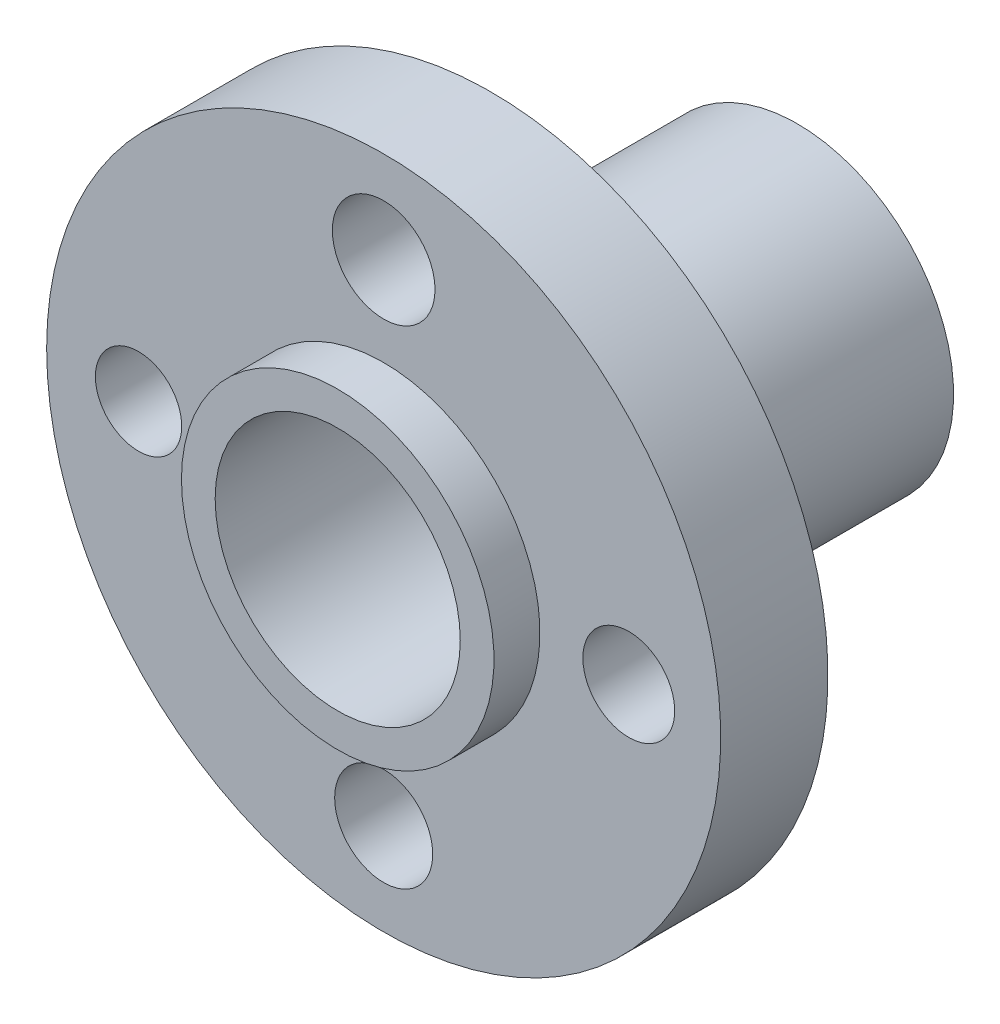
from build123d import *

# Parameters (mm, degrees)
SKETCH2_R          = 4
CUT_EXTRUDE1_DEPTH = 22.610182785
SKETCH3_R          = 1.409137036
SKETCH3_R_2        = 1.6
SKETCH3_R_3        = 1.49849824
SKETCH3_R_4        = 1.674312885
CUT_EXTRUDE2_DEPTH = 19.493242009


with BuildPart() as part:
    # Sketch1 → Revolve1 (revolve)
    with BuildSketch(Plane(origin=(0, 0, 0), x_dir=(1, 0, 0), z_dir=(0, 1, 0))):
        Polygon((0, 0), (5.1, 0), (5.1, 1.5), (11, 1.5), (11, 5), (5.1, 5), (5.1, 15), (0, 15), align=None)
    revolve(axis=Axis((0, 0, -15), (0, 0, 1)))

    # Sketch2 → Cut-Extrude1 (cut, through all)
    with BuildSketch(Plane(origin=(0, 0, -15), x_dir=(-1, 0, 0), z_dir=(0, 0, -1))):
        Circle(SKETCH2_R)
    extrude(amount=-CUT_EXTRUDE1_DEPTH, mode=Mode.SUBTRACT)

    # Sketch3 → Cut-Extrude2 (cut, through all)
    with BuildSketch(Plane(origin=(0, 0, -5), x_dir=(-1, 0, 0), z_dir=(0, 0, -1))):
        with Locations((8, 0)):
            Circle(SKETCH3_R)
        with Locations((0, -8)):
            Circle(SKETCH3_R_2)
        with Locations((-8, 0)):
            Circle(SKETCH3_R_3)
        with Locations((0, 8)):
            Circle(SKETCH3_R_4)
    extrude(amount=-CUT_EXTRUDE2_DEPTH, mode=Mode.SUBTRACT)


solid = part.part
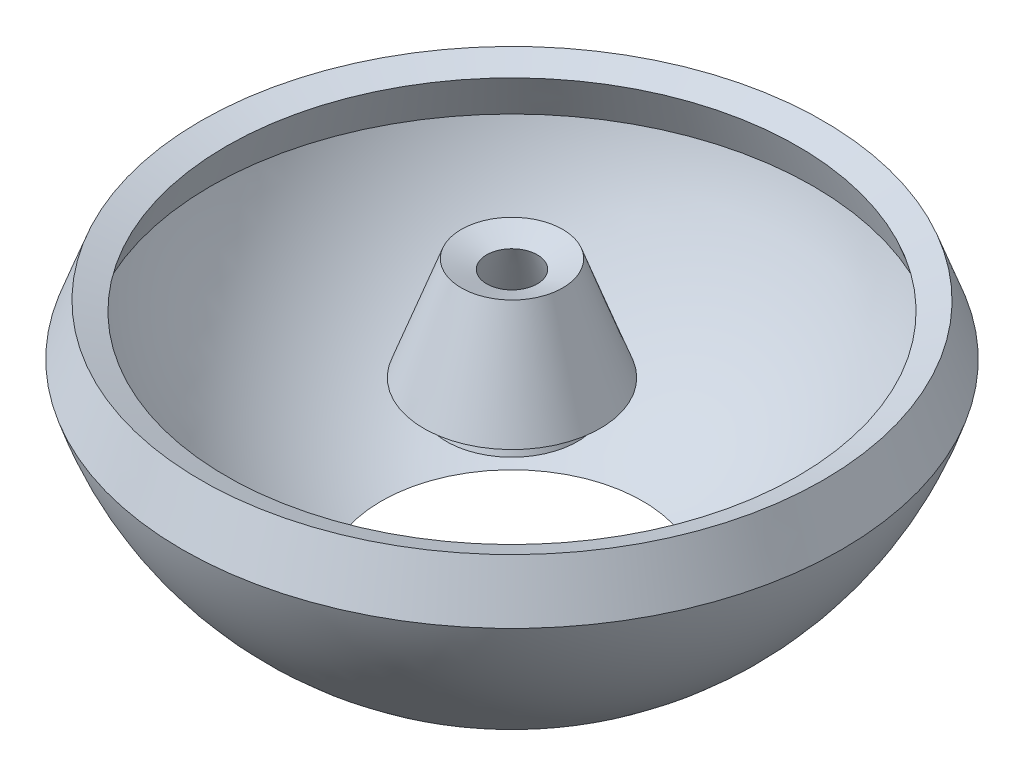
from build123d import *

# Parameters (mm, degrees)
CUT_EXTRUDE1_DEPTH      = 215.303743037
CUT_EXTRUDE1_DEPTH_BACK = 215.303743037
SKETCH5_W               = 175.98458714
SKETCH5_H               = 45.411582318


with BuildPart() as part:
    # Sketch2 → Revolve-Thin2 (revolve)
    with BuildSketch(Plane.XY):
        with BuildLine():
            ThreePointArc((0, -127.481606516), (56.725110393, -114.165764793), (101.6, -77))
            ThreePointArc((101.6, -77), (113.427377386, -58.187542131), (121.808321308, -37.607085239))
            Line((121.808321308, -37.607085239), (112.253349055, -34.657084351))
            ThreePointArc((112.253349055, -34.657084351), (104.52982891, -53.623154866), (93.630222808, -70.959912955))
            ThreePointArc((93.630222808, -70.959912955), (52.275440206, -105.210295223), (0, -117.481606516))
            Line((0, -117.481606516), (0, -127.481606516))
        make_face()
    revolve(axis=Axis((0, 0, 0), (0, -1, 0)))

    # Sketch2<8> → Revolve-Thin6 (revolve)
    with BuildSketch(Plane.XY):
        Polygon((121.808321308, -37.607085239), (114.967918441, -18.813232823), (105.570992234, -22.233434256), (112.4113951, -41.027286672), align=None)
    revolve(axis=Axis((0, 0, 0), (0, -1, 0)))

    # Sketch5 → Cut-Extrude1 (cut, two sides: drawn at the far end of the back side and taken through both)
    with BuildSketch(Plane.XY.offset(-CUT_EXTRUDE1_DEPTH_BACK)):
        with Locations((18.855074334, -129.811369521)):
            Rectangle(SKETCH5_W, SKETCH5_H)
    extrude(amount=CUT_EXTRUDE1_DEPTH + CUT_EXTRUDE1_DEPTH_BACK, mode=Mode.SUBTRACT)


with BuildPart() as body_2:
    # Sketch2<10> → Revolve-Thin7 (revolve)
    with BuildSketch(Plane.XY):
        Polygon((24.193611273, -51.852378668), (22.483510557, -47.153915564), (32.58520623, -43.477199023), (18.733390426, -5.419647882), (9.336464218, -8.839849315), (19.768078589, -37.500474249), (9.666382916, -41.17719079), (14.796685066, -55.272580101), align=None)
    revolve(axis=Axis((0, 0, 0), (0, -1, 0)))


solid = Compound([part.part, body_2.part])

* * * *

Find the word "through" in the data and copy out each line where it turns up.

### Exercise response:
    # Sketch2 → Cut-Extrude1 (cut, through all)
    # Sketch3 → Cut-Extrude2 (cut, through all)
    # Sketch5 → Cut-Extrude1 (cut, two sides: drawn at the far end of the back side and taken through both)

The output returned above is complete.